Enigmata
Overview
- Environment ID:
enigmata - Short description: Synthetic, verifiable puzzle tasks with rule-based scoring across 36 tasks in 7 categories
- Tags: enigmata, single-turn, reasoning, puzzles, verifiable, generator-verifier
This environment adapts the Enigmata suite as a self-contained evaluation and data-generation environment. Problems are programmatically generated and scored with task-specific, rule-based verifiers. It is designed for training and evaluating reasoning models without external LLM judges.
Adapted by Fido Wang - Github, X
Notes:
- Python ≥ 3.11; dependencies are declared in
pyproject.toml. - If the embedded
Enigmatasubmodule is missing, the environment will automatically cloneBytedTsinghua-SIA/Enigmataon first use.
Datasets
- Primary dataset(s): Enigmata-Data (synthetic) and Enigmata-Eval (benchmark)
- Source link:
- Enigmata-Eval: HuggingFace Dataset
- Split sizes (Eval): 4,758 puzzle instances across Easy/Medium/Hard
Task
- Type: single-turn
- Parser: Identity parser (returns the raw completion)
- Rubric overview: Single numeric score from a task-specific verifier (
verify) with unit weight
Quickstart
Run an evaluation with defaults (no API keys required):
uv run vf-eval enigmata
Evaluate with a fixed number of examples and specific tasks:
uv run vf-eval enigmata \
-a '{"num_train_examples": 200, "num_eval_examples": 200, "tasks": ["sudoku", "maze"]}'
Use the predefined benchmark split (downloads Enigmata-Eval from HuggingFace) and evaluate only sudoku:
uv run vf-eval enigmata \
-a '{"use_predefined_eval_dataset": true, "tasks": "sudoku"}'
Notes:
- Use
-a/--env-argsto pass environment configuration as JSON. - When
use_predefined_eval_datasetisfalse, both train and eval sets are generated on the fly. - You can also generate and evaluate offline using the scripts in
Enigmata/(see that README for details). - Reproducibility: pass
seedin env args, or set env varENIGMATA_SEEDto seed RNGs without editing code underEnigmata/. Eval generation usesseed + 1automatically whenseedis provided.

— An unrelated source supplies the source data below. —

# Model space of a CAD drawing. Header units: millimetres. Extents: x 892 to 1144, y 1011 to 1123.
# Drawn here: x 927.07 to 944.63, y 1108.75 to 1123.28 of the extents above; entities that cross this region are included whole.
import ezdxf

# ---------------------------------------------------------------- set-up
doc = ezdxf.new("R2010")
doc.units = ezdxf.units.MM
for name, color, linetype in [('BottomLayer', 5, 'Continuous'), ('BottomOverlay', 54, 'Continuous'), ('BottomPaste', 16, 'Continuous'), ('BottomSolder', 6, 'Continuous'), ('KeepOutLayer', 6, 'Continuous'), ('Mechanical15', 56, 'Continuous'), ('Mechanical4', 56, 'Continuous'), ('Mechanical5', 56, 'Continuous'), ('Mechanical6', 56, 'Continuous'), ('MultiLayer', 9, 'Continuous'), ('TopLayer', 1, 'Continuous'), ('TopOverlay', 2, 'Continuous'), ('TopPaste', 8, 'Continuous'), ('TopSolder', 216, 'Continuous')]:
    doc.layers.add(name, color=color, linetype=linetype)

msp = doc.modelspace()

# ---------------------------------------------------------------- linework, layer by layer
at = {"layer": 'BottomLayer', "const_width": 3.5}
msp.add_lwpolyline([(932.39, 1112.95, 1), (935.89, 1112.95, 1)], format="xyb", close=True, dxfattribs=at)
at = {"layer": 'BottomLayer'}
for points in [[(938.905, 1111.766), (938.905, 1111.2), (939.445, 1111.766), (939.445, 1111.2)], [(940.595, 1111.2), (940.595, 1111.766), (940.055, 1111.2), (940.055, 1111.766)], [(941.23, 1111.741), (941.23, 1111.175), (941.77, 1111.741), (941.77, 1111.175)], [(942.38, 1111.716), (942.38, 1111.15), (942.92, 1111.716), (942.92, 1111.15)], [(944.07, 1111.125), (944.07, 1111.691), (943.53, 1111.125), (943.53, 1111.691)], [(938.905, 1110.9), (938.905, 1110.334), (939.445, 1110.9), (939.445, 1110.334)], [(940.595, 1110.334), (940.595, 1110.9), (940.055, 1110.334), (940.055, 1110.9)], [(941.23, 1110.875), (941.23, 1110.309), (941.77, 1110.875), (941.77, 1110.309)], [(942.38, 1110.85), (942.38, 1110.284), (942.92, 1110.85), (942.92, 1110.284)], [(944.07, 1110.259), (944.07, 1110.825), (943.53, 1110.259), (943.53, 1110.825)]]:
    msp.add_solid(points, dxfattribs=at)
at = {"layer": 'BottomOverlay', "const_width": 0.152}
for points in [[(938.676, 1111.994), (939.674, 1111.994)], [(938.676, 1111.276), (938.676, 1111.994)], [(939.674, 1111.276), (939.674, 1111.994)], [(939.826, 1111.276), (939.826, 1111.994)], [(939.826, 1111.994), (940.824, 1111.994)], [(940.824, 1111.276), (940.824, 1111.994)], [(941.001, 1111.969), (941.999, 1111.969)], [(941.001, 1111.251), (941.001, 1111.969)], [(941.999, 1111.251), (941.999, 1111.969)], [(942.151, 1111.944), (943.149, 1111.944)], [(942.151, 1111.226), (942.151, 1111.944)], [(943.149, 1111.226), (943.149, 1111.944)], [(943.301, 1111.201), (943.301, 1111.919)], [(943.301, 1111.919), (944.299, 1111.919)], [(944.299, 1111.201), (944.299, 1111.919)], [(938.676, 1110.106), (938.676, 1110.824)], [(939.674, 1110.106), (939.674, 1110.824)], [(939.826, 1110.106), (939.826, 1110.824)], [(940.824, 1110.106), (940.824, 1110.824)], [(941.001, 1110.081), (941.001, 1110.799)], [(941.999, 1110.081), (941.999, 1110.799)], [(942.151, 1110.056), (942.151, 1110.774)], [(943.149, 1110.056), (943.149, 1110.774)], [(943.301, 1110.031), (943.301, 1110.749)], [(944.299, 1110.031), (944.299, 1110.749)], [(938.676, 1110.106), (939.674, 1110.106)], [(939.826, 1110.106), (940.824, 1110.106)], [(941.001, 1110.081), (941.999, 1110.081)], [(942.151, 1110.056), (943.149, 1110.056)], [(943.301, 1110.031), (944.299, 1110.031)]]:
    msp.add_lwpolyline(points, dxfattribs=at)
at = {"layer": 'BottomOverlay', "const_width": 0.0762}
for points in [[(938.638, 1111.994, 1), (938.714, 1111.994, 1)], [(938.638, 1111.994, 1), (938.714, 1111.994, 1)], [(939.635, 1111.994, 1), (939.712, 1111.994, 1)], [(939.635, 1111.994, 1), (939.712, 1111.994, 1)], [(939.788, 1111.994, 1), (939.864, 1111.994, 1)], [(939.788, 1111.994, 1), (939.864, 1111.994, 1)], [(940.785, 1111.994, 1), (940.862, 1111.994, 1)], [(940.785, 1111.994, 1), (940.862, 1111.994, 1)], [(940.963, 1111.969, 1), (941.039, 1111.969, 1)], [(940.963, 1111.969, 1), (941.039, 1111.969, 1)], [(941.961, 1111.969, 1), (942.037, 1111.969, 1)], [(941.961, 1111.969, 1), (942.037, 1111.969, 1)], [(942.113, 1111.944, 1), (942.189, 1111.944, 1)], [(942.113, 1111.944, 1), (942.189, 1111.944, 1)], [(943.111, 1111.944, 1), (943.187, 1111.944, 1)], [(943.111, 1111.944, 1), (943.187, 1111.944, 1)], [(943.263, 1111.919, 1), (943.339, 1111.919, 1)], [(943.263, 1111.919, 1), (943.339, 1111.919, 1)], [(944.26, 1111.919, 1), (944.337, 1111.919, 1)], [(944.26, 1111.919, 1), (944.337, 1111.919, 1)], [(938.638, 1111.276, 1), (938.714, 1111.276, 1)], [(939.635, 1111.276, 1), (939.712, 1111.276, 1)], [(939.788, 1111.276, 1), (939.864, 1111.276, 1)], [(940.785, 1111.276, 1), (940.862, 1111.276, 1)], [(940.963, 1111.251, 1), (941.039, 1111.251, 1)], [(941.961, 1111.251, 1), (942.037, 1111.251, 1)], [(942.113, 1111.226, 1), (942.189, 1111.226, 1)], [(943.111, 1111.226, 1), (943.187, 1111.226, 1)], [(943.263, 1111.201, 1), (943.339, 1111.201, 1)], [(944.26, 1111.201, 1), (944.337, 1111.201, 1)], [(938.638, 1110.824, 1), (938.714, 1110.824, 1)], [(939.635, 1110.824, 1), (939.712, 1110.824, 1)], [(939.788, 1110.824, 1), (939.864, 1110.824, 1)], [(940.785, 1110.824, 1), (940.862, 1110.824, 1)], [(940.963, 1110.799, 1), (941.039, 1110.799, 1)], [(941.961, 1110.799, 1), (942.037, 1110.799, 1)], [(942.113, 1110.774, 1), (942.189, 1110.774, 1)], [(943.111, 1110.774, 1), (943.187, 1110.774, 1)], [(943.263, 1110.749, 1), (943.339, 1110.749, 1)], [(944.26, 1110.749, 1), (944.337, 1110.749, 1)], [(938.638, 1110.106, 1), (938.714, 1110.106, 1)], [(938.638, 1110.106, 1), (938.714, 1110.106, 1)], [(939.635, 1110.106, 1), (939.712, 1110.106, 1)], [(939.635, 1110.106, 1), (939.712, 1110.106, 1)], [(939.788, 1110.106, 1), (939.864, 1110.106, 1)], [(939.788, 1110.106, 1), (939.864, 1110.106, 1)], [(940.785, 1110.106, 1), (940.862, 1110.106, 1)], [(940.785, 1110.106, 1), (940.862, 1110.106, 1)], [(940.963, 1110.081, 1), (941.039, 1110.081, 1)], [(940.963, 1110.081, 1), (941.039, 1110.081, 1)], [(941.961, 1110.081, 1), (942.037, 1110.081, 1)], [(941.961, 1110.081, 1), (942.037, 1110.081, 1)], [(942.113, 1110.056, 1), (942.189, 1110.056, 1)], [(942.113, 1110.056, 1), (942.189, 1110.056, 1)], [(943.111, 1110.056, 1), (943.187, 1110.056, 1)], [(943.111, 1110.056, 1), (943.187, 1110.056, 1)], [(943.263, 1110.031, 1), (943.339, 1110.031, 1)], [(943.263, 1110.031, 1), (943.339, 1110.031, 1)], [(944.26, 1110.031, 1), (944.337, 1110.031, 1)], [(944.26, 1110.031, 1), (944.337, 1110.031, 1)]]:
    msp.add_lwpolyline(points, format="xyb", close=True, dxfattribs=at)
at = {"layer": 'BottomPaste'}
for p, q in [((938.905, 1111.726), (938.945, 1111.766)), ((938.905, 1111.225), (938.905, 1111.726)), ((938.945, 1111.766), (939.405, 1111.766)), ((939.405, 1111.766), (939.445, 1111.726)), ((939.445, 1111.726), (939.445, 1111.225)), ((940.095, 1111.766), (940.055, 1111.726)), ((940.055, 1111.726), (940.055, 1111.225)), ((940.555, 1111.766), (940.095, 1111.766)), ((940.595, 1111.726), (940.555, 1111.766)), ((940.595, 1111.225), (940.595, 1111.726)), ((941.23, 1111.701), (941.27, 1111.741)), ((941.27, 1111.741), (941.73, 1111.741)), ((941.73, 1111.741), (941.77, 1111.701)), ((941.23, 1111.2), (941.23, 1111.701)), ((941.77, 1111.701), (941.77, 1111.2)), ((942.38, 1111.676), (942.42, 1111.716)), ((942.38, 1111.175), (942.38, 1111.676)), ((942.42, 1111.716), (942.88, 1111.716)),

Seeding and Reproducibility
Minimal seeding is applied to stabilize generation without touching code under Enigmata/:
- Python
random - NumPy (if available)
PYTHONHASHSEED
Examples
Deterministic generation with a fixed seed:
uv run vf-eval enigmata \
-a '{"num_train_examples": 100, "num_eval_examples": 100, "seed": 42}'
Use environment variable instead of args:
ENIGMATA_SEED=123 uv run vf-eval enigmata \
-a '{"num_train_examples": 100, "num_eval_examples": 100}'
Different seeds for train vs eval:
uv run vf-eval enigmata \
-a '{"num_train_examples": 100, "num_eval_examples": 100, "seed": 7}'
Environment Arguments
| Arg | Type | Default | Description |
|---|---|---|---|
num_train_examples | int | -1 | Number of generated training examples per run (-1 means generator-chosen) |
num_eval_examples | int | -1 | Number of generated evaluation examples per run (-1 means generator-chosen) |
use_predefined_eval_dataset | bool | false | If true, loads BytedTsinghua-SIA/Enigmata-Eval from HF for eval |
tasks | str or list | "all" | Filter to a task or list of tasks (e.g., "sudoku", ["sudoku","maze"]) |
difficulties | Optional[list] | None | List of difficulties to include in the environment. |
system_prompt | str | "" | Optional system prompt propagated to the environment |
seed | Optional[int] | None | Global seed for reproducible generation (Python, NumPy). Eval uses seed+1 |
Metrics
| Metric | Meaning |
|---|---|
reward | score of evaluated troubles (typically 0 or 1; aggregated as mean) |
Example Structure
Normalized examples produced by this environment follow this schema:
question: str
answer: str
info:
- task_name: str
- difficulty: str
- split: str
- language: str
- meta_json: Optional[str] # JSON-encoded metadata
Verifier Integration
Per-example scoring dynamically imports verifiable_tasks.tasks.<task_name>.verifier and calls verify(solution: str, answer: str, meta: dict) -> float|int. If a verifier cannot be resolved, the reward defaults to 0.0 to fail closed.